BACKGROUND: Human lectin-like oxidized low-density lipoprotein receptor 1 (LOX-1, OLR1) has been identified as a cell surface endocytosis receptor for oxidized low-density lipoprotein (oxLDL) on vascular endothelial cells. OxLDLs are avidly ingested by macrophages, resulting in foam cell formation. OxLDLs are also involved in inducing smooth muscle cell migration, proliferation and transformation. A single nucleotide polymorphism K167N (G501C) of the LOX-1 gene results in an amino acid dimorphism (Lys/Asn) at residue 167. Replacement of this Lys residue causes reduced binding and internalization of oxLDL. The purpose of this study was to investigate the effect of the LOX-1 K167N gene polymorphism in Turkish patients with coronary artery disease (CAD).
MATERIALS AND METHODS: K167N polymorphism were studied in 91 patients with CAD and 72 healthy controls by the PCR-RFLP method.

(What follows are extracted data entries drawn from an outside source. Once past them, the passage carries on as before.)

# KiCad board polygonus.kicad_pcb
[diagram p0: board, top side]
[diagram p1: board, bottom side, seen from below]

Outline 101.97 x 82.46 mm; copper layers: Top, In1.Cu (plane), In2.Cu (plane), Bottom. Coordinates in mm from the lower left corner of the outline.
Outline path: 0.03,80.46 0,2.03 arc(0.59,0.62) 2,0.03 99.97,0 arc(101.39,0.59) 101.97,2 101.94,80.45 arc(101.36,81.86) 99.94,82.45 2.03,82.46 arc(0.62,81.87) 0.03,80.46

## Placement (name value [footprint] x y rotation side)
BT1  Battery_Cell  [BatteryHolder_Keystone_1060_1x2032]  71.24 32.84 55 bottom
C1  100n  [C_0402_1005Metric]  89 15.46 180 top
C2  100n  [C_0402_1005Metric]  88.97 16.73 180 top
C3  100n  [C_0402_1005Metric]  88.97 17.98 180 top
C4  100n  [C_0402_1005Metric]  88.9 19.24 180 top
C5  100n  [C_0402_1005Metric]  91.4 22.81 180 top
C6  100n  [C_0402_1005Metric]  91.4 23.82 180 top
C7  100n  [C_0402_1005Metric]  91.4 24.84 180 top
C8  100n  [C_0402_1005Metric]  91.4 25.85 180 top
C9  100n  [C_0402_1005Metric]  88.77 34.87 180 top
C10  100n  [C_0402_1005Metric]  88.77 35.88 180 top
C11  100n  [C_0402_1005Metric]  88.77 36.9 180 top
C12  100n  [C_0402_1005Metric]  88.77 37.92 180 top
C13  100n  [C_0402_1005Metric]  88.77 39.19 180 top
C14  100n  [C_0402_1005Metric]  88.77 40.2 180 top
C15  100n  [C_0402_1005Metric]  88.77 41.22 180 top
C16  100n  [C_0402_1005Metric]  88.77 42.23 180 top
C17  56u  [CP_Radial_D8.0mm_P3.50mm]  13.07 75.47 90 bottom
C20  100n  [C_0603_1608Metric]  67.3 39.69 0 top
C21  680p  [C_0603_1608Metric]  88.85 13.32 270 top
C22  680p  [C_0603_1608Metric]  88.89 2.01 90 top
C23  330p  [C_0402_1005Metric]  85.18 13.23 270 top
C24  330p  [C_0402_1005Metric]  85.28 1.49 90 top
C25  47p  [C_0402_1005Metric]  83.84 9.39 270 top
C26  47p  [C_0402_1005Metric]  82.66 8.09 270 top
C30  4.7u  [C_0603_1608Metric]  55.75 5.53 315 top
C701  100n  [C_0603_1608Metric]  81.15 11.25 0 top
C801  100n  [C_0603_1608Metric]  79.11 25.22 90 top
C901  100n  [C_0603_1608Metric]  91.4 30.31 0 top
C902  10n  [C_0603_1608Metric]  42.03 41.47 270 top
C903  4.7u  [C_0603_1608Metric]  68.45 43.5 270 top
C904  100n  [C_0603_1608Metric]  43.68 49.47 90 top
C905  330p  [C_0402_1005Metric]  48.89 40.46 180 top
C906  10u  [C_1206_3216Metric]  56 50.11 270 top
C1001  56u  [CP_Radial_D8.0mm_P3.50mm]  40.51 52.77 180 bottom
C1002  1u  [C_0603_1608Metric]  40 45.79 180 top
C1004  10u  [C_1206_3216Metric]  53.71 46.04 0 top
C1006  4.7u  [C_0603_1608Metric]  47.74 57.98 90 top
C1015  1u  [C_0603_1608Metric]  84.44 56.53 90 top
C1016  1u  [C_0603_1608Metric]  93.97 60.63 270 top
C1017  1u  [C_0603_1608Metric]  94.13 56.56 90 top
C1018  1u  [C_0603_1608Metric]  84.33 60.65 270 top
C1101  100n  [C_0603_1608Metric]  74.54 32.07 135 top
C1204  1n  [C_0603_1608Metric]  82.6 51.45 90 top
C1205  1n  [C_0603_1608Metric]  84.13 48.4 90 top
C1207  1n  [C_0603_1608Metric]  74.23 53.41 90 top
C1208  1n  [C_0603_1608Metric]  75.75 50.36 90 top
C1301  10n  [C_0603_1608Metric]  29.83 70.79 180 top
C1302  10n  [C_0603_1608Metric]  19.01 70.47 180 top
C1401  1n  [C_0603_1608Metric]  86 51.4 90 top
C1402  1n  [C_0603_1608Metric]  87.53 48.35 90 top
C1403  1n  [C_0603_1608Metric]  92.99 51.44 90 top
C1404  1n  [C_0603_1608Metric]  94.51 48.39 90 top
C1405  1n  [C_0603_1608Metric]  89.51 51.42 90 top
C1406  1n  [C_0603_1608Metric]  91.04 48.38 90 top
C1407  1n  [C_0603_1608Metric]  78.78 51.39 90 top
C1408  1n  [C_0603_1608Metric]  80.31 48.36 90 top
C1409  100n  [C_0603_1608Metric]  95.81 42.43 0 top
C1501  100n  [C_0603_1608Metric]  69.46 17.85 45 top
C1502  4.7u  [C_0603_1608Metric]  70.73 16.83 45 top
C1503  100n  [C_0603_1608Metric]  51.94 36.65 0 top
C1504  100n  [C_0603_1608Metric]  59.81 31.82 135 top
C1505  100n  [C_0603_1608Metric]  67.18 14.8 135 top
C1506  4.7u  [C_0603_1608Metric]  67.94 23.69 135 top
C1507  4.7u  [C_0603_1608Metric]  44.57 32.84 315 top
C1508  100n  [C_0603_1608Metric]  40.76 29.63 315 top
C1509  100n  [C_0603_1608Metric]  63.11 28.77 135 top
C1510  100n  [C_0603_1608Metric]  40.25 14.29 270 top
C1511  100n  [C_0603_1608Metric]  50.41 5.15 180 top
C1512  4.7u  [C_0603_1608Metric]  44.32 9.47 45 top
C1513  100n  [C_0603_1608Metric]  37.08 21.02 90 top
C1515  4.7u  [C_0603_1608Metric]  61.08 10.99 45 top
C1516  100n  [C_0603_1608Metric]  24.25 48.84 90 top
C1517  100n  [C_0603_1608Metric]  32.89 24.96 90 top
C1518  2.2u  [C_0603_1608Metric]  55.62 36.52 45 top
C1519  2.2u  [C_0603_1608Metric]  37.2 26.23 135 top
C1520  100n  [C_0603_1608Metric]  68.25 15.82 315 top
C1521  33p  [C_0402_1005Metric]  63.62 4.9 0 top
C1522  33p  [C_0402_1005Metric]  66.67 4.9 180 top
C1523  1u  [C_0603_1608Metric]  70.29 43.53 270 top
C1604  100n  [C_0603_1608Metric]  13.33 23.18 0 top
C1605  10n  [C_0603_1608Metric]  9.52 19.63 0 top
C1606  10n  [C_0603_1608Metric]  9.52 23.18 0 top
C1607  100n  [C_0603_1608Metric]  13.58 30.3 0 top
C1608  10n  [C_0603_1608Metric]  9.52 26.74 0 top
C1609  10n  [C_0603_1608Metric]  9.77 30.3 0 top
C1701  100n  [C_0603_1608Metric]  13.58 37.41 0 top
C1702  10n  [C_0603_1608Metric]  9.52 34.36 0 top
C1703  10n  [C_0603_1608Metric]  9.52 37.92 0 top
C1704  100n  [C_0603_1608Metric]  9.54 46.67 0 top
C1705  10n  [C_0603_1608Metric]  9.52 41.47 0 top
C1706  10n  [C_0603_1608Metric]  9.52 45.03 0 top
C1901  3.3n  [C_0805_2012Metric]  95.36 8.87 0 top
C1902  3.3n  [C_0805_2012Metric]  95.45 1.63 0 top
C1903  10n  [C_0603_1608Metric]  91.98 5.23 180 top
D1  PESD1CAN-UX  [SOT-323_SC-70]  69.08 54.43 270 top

RESULTS: The frequencies of the KK genotype and the K allele were higher in the CAD group than the controls (p<0.05), while the frequency of the NN genotype was higher in the control group than in the CAD group (p<0.05). It was observed that the decreased CAD risk in patients who had the N allele was reversed by male sex (OR: 0.400 -->0.481) and smoking (OR: 0.400 -->0.949). Although male sex and smoking were lower than other cardiovascular risk factors in patients with the N allele they were higher than other cardiovascular risk factors in patients with the K allele.
CONCLUSION: Male sex and smoking decrease the protective effects of the N allele. The adverse effects of the K allele on the CAD risk resulting from the K167N polymorphism appear to be independent of other cardiovascular risk factors.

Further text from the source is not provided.